At Beth and Tucker's wedding, Celeste makes an emotional toast, urging the newlyweds to appreciate each other, be patient, and try hard, as she should have done in her own marriage. This speech touches Jesse and he thanks Celeste.

On a karaoke date, Celeste informs Paul of her need to take some time to recover from her divorce, which he understands. Celeste and Jesse finally sign their divorce papers and are able to laugh at each other's inside jokes. Their lawyers look on, confused by this response. Celeste wishes Jesse well and asks if he loves Veronica, to which he responds that he does. Celeste encourages him to keep fighting for his marriage to Veronica and they share one final kiss.

==Reception==

===Critical response===
Celeste and Jesse Forever was screened at the 2012 Sundance Film Festival in January to mostly positive reviews.

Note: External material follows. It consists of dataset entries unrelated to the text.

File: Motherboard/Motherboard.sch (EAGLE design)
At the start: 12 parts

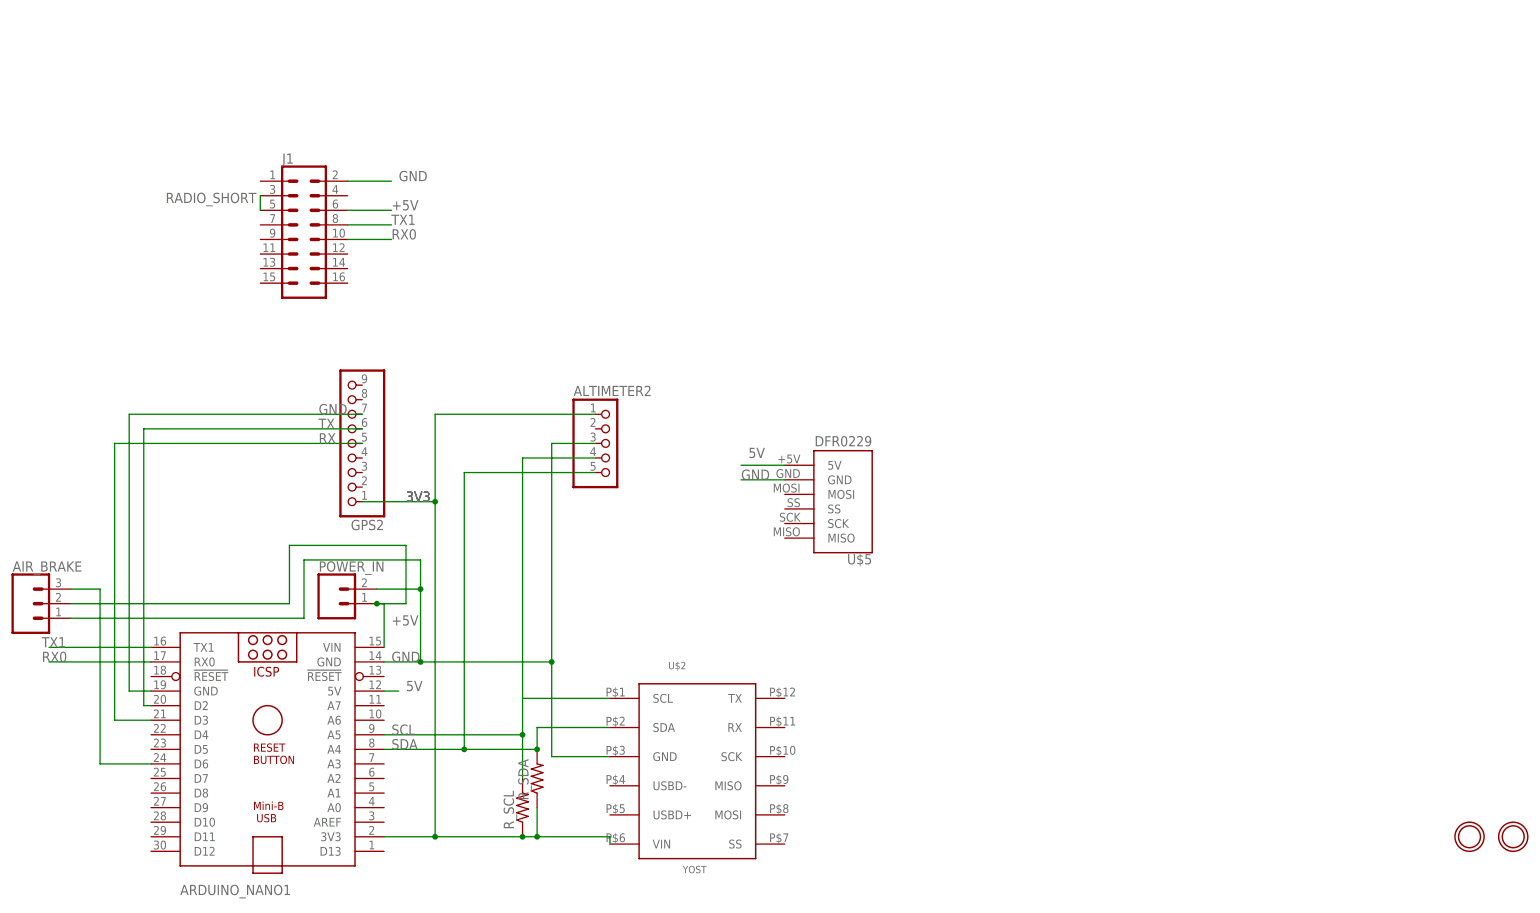
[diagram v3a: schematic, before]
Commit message: add components to boards
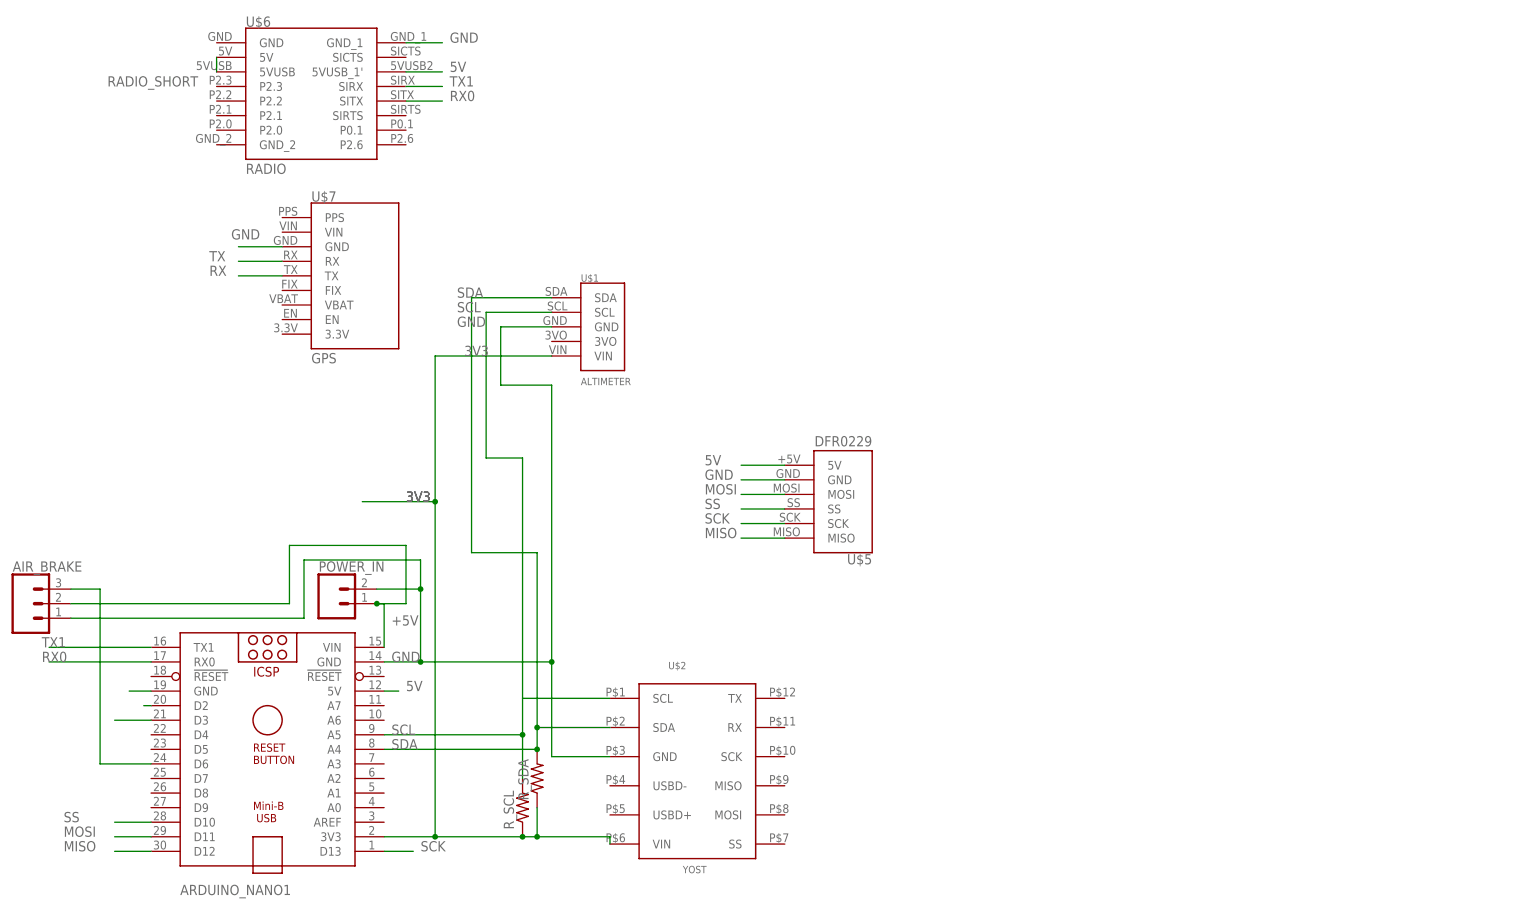
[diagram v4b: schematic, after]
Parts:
- removed ALTIMETER2: (no value), microbuilder:HEADER-1X570MIL
- removed GPS2: (no value), microbuilder:HEADER-1X970MIL
- removed J1: (no value), SparkFun-Connectors:CONN_08X2_HEADER
- removed U$3, U$4: MOUNTINGHOLE2.5, microbuilder:MOUNTINGHOLE2.5
- added U$1: ALTIMETER, uORocketry-parts:ALTIMETER
- added U$6: RADIO, uORocketry-parts:RADIO
- added U$7: GPS, uORocketry-parts:GPS
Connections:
- new net MISO: ARDUINO_NANO1.D12, U$5.MISO
- new net MOSI: ARDUINO_NANO1.D11, U$5.MOSI
- new net SCK: ARDUINO_NANO1.D13, U$5.SCK
- new net SS: ARDUINO_NANO1.D10, U$5.SS
- net +5V: no longer J1.6
- net 3V3: now also U$1.VIN; no longer ALTIMETER2.1, GPS2.1
- net 5V: now also U$6.5VUSB_1'
- net GND: now also U$1.GND, U$6.GND_1, U$7.GND; no longer ALTIMETER2.3, GPS2.7, J1.2
- net RADIO_SHORT: now also U$6.5V, U$6.5VUSB; no longer J1.3, J1.5
- net RX: now also U$7.TX; no longer GPS2.5
- net RX0: now also U$6.SITX; no longer J1.10
- net SCL: now also U$1.SCL; no longer ALTIMETER2.4
- net SDA: now also U$1.SDA; no longer ALTIMETER2.5
- net TX: now also U$7.RX; no longer GPS2.6
- net TX1: now also U$6.SIRX; no longer J1.8

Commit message: more layout
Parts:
- added U$3: RS232, uORocketry-parts:RS232
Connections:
- new net SBG_RX: ARDUINO_NANO1.D5, U$3.RX-1
- new net SBG_TX: ARDUINO_NANO1.D4, U$3.TX-0
- net 5V: now also U$3.VCC
- net GND: now also U$3.GND
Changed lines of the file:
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@@
 <setting verticaltext="up"/>
 </settings>
-<grid distance="0.05" unitdist="inch" unit="inch" style="lines" multiple="1" display="no" altdistance="0.01" altunitdist="inch" altunit="inch"/>
+<grid distance="0.1" unitdist="inch" unit="inch" style="lines" multiple="1" display="no" altdistance="0.01" altunitdist="inch" altunit="inch"/>
 <layers>
 <layer number="1" name="Top" color="4" fill="1" visible="no" active="no"/>
@@
 <part name="U$1" library="uORocketry-parts" deviceset="ALTIMETER" device=""/>
 <part name="U$7" library="uORocketry-parts" deviceset="GPS" device=""/>
+<part name="U$3" library="uORocketry-parts" deviceset="RS232" device=""/>
 </parts>
 <sheets>
@@
 <attribute name="VALUE" x="-34.29" y="57.15" size="1.778" layer="96"/>
 </instance>
+<instance part="U$3" gate="G$1" x="33.02" y="93.98" smashed="yes"/>
 </instances>
 <busses>
@@
 <label x="-48.26" y="78.74" size="1.778" layer="95"/>
 </segment>
+<segment>
+<pinref part="U$3" gate="G$1" pin="GND"/>
+<wire x1="22.86" y1="96.52" x2="15.24" y2="96.52" width="0.1524" layer="91"/>
+<label x="12.7" y="96.52" size="1.778" layer="95"/>
+</segment>
 </net>
 <net name="SDA" class="0">
@@
 <label x="-10.16" y="107.95" size="1.778" layer="95"/>
 </segment>
+<segment>
+<pinref part="U$3" gate="G$1" pin="VCC"/>
+<wire x1="22.86" y1="101.6" x2="15.24" y2="101.6" width="0.1524" layer="91"/>
+<label x="12.7" y="101.6" size="1.778" layer="95"/>
+</segment>
 </net>
 <net name="SCK" class="0">
@@
 </segment>
 </net>
+<net name="SBG_TX" class="0">
+<segment>
+<pinref part="ARDUINO_NANO1" gate="G$1" pin="D4"/>
+<wire x1="-62.23" y1="-7.62" x2="-68.58" y2="-7.62" width="0.1524" layer="91"/>
+<label x="-81.28" y="-7.62" size="1.778" layer="95"/>
+</segment>
+<segment>
+<pinref part="U$3" gate="G$1" pin="TX-0"/>
+<wire x1="22.86" y1="91.44" x2="15.24" y2="91.44" width="0.1524" layer="91"/>
+<label x="5.08" y="91.44" size="1.778" layer="95"/>
+</segment>
+</net>
+<net name="SBG_RX" class="0">
+<segment>
+<pinref part="ARDUINO_NANO1" gate="G$1" pin="D5"/>
+<wire x1="-62.23" y1="-10.16" x2="-68.58" y2="-10.16" width="0.1524" layer="91"/>
+<label x="-81.28" y="-10.16" size="1.778" layer="95"/>
+</segment>
+<segment>
+<pinref part="U$3" gate="G$1" pin="RX-1"/>
+<wire x1="22.86" y1="86.36" x2="15.24" y2="86.36" width="0.1524" layer="91"/>
+<label x="5.08" y="86.36" size="1.778" layer="95"/>
+</segment>
+</net>

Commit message: review1
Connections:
- net SBG_RX: now also ARDUINO_NANO1.D9; no longer ARDUINO_NANO1.D5
- net SBG_TX: now also ARDUINO_NANO1.D8; no longer ARDUINO_NANO1.D4
- net SS: now also ARDUINO_NANO1.D4; no longer ARDUINO_NANO1.D10
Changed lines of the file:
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@@
 <net name="SS" class="0">
-<segment>
-<pinref part="ARDUINO_NANO1" gate="G$1" pin="D10"/>
-<wire x1="-62.23" y1="-22.86" x2="-68.58" y2="-22.86" width="0.1524" layer="91"/>
-<label x="-77.47" y="-22.86" size="1.778" layer="95"/>
-</segment>
 <segment>
 <pinref part="U$5" gate="G$1" pin="SS"/>
@@
 <label x="34.29" y="31.75" size="1.778" layer="95"/>
 </segment>
-</net>
-<net name="SBG_TX" class="0">
 <segment>
 <pinref part="ARDUINO_NANO1" gate="G$1" pin="D4"/>
 <wire x1="-62.23" y1="-7.62" x2="-68.58" y2="-7.62" width="0.1524" layer="91"/>
-<label x="-81.28" y="-7.62" size="1.778" layer="95"/>
+<label x="-76.2" y="-7.62" size="1.778" layer="95"/>
 </segment>
+</net>
+<net name="SBG_TX" class="0">
 <segment>
 <pinref part="U$3" gate="G$1" pin="TX-0"/>
@@
 <label x="5.08" y="91.44" size="1.778" layer="95"/>
 </segment>
+<segment>
+<pinref part="ARDUINO_NANO1" gate="G$1" pin="D8"/>
+<wire x1="-62.23" y1="-17.78" x2="-68.58" y2="-17.78" width="0.1524" layer="91"/>
+<label x="-78.74" y="-17.78" size="1.778" layer="95"/>
+</segment>
 </net>
 <net name="SBG_RX" class="0">
-<segment>
-<pinref part="ARDUINO_NANO1" gate="G$1" pin="D5"/>
-<wire x1="-62.23" y1="-10.16" x2="-68.58" y2="-10.16" width="0.1524" layer="91"/>
-<label x="-81.28" y="-10.16" size="1.778" layer="95"/>
-</segment>
 <segment>
 <pinref part="U$3" gate="G$1" pin="RX-1"/>
@@
 <label x="5.08" y="86.36" size="1.778" layer="95"/>
 </segment>
+<segment>
+<pinref part="ARDUINO_NANO1" gate="G$1" pin="D9"/>
+<wire x1="-62.23" y1="-20.32" x2="-68.58" y2="-20.32" width="0.1524" layer="91"/>
+<label x="-78.74" y="-20.32" size="1.778" layer="95"/>
+</segment>
 </net>

Rotten Tomatoes gives the film a rating of 71% based on 141 reviews with an average score of 6.36/10. The site's consensus states, "While it doesn't subvert the genre as incisively as it thinks it does, Celeste and Jesse Forever is a shrewd rom-com that benefits from its likable cast and trumpets the arrival of Rashida Jones as a bona fide big screen talent". Metacritic gives the film a score of 59 out of 100, based on reviews from 37 critics.

Owen Gleiberman of Entertainment Weekly gave the film an A− and concluded his review by stating: "I will say that it's been a while since a romantic comedy mustered this much charm by looking this much like life". Roger Ebert was also positive in his review for the Chicago Sun-Times, giving it three-and-a-half out of four. He credited Jones for writing a "sound" screenplay and characters with a regard for their emotions, while calling the film "a good-hearted romantic comedy about a likable couple — so likable, indeed, that it swims upstream against the current of our desires".

===Accolades===

Year: Award; Category; Nominee(s); Result
2013: 13th Black Reel Awards; Best Actress; Rashida Jones; Nominated
Best Screenplay, Adapted or Original: Rashida Jones and Will McCormack; Nominated
28th Independent Spirit Awards: Best First Screenplay; Nominated
29th Artios Awards: Outstanding Achievement in Casting – Low Budget Feature – Drama/Comedy; Angela Demo; Nominated

==Release==
Celeste and Jesse Forever was released on DVD and Blu-ray on February 5, 2013.

==Remake==
An upcoming British remake will be titled Lola and Freddie.